[Records excerpted from a collection]

--------------------

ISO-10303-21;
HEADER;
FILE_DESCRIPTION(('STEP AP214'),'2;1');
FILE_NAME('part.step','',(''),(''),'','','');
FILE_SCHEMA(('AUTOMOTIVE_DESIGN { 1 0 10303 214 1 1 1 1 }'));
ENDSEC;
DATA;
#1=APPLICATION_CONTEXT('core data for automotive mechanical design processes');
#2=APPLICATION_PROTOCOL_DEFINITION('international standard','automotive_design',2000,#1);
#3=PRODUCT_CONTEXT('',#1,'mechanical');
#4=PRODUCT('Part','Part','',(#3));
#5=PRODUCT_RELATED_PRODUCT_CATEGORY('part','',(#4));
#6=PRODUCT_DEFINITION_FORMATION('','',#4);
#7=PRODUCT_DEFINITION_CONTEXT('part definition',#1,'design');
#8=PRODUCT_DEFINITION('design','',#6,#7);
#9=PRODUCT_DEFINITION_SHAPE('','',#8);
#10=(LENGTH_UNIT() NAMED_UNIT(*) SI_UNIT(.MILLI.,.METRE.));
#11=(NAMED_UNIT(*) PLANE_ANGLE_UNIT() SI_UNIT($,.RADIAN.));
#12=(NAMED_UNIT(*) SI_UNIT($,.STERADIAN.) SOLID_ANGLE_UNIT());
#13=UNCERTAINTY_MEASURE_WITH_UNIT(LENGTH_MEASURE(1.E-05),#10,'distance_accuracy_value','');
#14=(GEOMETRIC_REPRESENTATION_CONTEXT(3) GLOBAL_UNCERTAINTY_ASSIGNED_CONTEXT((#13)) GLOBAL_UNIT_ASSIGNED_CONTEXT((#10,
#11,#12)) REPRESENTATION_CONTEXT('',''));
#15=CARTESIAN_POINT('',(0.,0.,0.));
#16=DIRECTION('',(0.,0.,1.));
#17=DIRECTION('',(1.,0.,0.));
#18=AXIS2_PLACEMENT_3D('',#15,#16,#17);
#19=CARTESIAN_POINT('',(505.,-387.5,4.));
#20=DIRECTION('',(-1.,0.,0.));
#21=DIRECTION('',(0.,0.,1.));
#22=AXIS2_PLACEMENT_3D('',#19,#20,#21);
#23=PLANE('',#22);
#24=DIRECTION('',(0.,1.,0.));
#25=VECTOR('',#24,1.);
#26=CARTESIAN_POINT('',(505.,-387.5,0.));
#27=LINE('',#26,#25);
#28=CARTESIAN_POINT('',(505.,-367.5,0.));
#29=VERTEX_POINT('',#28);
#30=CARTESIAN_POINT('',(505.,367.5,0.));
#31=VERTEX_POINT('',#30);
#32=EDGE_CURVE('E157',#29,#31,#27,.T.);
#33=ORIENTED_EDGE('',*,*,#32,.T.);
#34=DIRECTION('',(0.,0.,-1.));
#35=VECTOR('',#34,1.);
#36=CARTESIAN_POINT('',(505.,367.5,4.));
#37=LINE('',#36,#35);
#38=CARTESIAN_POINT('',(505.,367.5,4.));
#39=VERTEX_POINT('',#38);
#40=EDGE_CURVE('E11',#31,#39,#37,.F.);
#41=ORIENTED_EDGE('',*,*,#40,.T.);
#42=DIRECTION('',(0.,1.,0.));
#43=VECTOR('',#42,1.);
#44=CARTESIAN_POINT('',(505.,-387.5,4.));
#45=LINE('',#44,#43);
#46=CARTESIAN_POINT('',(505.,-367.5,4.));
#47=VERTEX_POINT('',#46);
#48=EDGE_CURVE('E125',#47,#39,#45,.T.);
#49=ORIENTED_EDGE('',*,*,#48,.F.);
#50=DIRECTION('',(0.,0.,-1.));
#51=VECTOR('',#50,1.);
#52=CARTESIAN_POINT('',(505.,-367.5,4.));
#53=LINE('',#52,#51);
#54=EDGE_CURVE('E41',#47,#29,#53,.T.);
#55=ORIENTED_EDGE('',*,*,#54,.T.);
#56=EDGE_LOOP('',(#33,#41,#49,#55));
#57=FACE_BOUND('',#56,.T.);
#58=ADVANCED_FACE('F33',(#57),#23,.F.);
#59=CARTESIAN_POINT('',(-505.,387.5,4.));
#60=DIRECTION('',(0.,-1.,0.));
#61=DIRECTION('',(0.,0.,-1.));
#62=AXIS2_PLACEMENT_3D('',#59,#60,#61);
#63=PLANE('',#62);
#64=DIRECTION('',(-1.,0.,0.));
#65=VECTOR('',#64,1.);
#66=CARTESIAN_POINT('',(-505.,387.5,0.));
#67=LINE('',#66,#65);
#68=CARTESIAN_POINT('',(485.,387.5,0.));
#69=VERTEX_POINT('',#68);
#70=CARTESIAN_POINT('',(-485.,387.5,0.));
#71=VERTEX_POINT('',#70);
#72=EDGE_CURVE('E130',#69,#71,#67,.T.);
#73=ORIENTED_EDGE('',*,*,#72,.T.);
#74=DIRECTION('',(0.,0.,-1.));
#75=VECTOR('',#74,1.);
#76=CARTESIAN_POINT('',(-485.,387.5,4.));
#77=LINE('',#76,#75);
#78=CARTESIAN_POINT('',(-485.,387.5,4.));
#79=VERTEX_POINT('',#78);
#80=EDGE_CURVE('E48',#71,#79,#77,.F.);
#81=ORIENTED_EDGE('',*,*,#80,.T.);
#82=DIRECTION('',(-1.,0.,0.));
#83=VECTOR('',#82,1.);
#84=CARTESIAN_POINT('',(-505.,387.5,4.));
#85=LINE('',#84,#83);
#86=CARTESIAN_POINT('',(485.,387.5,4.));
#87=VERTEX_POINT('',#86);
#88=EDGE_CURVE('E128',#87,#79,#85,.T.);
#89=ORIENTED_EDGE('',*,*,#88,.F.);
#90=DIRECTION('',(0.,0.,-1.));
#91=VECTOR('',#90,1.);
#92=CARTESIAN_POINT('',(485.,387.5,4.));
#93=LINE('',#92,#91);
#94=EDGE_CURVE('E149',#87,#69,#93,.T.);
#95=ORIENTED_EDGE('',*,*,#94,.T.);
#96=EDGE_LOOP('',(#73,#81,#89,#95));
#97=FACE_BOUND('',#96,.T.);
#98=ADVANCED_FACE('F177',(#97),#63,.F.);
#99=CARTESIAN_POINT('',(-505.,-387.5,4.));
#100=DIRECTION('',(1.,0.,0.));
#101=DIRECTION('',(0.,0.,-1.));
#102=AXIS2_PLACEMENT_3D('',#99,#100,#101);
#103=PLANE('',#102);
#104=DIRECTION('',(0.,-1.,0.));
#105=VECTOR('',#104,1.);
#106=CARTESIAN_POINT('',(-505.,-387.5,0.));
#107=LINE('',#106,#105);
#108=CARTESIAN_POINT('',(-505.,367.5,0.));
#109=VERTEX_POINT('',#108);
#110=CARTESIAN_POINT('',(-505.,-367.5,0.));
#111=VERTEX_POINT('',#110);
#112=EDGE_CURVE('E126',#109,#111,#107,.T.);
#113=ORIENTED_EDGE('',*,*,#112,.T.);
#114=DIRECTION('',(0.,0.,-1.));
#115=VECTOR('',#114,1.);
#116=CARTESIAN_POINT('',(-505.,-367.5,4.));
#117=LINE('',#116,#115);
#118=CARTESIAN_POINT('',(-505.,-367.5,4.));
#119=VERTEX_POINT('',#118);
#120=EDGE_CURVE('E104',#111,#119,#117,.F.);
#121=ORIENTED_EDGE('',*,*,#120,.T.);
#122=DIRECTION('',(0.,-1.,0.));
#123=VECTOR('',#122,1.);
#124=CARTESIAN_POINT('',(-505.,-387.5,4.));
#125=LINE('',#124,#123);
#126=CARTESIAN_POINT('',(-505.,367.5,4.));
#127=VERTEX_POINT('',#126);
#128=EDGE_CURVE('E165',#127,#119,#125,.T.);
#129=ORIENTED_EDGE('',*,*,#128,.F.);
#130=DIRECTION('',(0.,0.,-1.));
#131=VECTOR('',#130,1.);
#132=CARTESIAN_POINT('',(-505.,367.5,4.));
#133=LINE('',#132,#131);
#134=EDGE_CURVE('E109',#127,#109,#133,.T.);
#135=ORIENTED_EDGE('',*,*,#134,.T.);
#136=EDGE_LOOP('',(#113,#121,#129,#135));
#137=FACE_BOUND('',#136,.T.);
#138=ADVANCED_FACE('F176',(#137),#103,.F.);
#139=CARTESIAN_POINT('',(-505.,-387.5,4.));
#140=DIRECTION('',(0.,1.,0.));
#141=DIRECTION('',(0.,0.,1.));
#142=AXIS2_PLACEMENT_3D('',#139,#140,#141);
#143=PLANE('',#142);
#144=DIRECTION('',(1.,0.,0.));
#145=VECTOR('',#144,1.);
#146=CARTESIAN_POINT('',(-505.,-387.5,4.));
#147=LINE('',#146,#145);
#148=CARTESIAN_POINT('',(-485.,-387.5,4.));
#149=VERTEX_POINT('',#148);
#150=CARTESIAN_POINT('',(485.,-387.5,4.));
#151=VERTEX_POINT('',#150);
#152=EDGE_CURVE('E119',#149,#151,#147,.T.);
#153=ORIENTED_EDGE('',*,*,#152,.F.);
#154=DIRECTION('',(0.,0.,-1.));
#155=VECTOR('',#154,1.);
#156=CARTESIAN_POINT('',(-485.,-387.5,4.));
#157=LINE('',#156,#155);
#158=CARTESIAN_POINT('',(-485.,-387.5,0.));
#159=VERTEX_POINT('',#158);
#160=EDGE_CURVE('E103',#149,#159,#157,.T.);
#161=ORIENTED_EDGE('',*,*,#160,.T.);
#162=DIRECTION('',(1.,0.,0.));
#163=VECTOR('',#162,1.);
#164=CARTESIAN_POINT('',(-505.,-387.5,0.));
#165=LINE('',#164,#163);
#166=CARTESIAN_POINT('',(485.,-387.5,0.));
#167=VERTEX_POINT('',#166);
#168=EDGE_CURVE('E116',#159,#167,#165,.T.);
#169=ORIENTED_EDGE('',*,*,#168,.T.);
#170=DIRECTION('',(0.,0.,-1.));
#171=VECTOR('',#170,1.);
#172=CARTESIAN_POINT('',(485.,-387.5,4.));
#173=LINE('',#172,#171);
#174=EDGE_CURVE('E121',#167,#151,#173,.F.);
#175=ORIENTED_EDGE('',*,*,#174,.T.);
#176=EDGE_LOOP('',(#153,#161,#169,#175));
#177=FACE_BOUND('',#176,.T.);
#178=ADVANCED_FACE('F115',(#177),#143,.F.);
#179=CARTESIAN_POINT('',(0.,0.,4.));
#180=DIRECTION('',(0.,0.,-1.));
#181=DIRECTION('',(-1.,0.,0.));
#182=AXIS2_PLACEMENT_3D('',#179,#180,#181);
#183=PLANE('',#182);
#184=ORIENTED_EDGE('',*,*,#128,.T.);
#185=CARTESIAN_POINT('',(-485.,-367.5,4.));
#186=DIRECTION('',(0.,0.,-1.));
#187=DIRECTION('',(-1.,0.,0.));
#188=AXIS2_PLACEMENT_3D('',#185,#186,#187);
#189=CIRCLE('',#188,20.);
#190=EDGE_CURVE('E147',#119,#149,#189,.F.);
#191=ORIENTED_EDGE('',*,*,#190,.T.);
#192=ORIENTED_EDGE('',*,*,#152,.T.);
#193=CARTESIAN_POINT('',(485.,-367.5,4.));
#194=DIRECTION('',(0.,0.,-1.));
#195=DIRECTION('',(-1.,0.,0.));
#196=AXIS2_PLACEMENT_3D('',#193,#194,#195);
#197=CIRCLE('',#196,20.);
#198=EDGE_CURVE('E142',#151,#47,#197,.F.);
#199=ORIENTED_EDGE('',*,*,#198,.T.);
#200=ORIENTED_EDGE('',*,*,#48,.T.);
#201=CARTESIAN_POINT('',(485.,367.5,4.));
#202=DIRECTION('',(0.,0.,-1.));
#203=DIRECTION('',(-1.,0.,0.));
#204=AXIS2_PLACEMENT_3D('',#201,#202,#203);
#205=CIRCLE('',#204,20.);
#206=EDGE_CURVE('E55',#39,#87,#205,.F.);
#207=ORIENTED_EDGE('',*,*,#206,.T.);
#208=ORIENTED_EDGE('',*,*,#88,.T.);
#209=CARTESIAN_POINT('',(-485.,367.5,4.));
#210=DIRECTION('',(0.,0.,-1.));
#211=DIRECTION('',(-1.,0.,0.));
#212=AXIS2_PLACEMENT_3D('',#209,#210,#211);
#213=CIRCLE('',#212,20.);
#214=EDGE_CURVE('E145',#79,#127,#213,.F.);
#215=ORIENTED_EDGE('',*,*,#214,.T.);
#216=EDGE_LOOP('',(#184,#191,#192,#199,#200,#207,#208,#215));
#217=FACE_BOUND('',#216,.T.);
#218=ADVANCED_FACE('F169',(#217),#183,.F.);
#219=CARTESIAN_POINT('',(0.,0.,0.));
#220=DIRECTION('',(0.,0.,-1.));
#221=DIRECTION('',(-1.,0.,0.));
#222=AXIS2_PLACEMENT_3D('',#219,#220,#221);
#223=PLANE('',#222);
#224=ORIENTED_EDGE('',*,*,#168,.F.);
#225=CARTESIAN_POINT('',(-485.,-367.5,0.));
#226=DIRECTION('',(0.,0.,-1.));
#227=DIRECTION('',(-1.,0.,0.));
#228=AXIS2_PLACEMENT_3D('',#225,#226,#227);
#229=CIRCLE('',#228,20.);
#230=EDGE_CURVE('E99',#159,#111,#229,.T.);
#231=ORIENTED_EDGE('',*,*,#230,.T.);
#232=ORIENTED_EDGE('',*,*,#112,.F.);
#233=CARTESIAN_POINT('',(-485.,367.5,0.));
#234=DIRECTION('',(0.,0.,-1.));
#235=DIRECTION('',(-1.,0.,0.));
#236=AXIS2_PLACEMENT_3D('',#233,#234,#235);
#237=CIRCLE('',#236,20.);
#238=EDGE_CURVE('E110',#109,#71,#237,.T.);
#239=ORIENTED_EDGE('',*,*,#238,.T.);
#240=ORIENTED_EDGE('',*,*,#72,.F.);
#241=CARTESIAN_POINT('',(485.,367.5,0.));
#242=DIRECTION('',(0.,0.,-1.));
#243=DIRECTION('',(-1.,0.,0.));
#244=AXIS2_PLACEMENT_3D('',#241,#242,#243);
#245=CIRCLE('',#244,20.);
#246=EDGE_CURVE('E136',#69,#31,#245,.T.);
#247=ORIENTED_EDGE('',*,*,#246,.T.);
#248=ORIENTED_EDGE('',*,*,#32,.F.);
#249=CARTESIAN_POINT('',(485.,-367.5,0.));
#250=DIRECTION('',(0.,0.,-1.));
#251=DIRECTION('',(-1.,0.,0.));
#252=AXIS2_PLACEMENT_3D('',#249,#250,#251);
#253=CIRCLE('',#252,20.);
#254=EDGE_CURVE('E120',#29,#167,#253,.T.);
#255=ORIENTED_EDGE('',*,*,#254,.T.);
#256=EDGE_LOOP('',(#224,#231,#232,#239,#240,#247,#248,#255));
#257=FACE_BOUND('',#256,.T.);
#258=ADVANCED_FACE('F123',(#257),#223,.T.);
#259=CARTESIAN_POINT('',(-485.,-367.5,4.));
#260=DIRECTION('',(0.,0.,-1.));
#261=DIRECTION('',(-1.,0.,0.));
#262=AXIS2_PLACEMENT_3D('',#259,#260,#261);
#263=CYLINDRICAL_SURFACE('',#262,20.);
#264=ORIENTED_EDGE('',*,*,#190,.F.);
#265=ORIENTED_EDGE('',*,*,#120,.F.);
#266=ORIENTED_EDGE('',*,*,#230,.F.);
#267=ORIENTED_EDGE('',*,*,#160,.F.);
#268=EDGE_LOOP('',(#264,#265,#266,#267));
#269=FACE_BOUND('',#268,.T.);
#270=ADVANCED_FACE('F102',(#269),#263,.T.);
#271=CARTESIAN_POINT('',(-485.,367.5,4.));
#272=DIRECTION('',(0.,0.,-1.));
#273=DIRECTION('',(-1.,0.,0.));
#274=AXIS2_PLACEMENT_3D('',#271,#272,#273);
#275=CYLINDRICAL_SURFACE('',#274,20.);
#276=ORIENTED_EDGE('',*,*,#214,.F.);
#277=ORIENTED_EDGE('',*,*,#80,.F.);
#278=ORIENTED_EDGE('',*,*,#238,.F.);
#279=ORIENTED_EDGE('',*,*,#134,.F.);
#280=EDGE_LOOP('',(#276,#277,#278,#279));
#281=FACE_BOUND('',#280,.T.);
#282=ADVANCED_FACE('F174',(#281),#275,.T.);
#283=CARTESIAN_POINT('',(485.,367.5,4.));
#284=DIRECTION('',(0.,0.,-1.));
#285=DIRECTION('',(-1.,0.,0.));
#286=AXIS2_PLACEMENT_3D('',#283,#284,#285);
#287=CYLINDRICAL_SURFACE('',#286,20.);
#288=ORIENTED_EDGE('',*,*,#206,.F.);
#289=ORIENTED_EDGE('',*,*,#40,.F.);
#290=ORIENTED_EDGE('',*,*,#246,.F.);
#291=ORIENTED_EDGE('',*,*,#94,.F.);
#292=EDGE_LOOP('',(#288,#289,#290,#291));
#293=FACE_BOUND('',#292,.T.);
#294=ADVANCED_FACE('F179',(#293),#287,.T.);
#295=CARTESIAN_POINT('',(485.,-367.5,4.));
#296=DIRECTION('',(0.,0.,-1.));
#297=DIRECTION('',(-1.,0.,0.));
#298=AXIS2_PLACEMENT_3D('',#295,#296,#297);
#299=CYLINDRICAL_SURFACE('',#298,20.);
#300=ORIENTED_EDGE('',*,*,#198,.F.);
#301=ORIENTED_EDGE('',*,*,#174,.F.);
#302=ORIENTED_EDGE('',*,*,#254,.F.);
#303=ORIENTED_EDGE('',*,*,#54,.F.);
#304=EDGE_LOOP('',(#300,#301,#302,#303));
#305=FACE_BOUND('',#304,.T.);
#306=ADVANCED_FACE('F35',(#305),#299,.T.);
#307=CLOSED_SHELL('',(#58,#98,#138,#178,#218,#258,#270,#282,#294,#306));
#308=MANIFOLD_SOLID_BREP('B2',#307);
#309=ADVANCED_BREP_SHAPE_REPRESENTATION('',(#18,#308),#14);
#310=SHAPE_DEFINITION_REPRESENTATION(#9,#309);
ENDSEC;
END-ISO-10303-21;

--------------------

# Exercise prompt
What are the lines above, starting at the one with "#104=DIRECTION('',(0.,-1.,0.));" and ending at the one with "#124=CARTESIAN_POINT('',(-505.,-387.5,4.));"? Give them again exactly, and only them.

# Solution for this task
#104=DIRECTION('',(0.,-1.,0.));
#105=VECTOR('',#104,1.);
#106=CARTESIAN_POINT('',(-505.,-387.5,0.));
#107=LINE('',#106,#105);
#108=CARTESIAN_POINT('',(-505.,367.5,0.));
#109=VERTEX_POINT('',#108);
#110=CARTESIAN_POINT('',(-505.,-367.5,0.));
#111=VERTEX_POINT('',#110);
#112=EDGE_CURVE('E126',#109,#111,#107,.T.);
#113=ORIENTED_EDGE('',*,*,#112,.T.);
#114=DIRECTION('',(0.,0.,-1.));
#115=VECTOR('',#114,1.);
#116=CARTESIAN_POINT('',(-505.,-367.5,4.));
#117=LINE('',#116,#115);
#118=CARTESIAN_POINT('',(-505.,-367.5,4.));
#119=VERTEX_POINT('',#118);
#120=EDGE_CURVE('E104',#111,#119,#117,.F.);
#121=ORIENTED_EDGE('',*,*,#120,.T.);
#122=DIRECTION('',(0.,-1.,0.));
#123=VECTOR('',#122,1.);
#124=CARTESIAN_POINT('',(-505.,-387.5,4.));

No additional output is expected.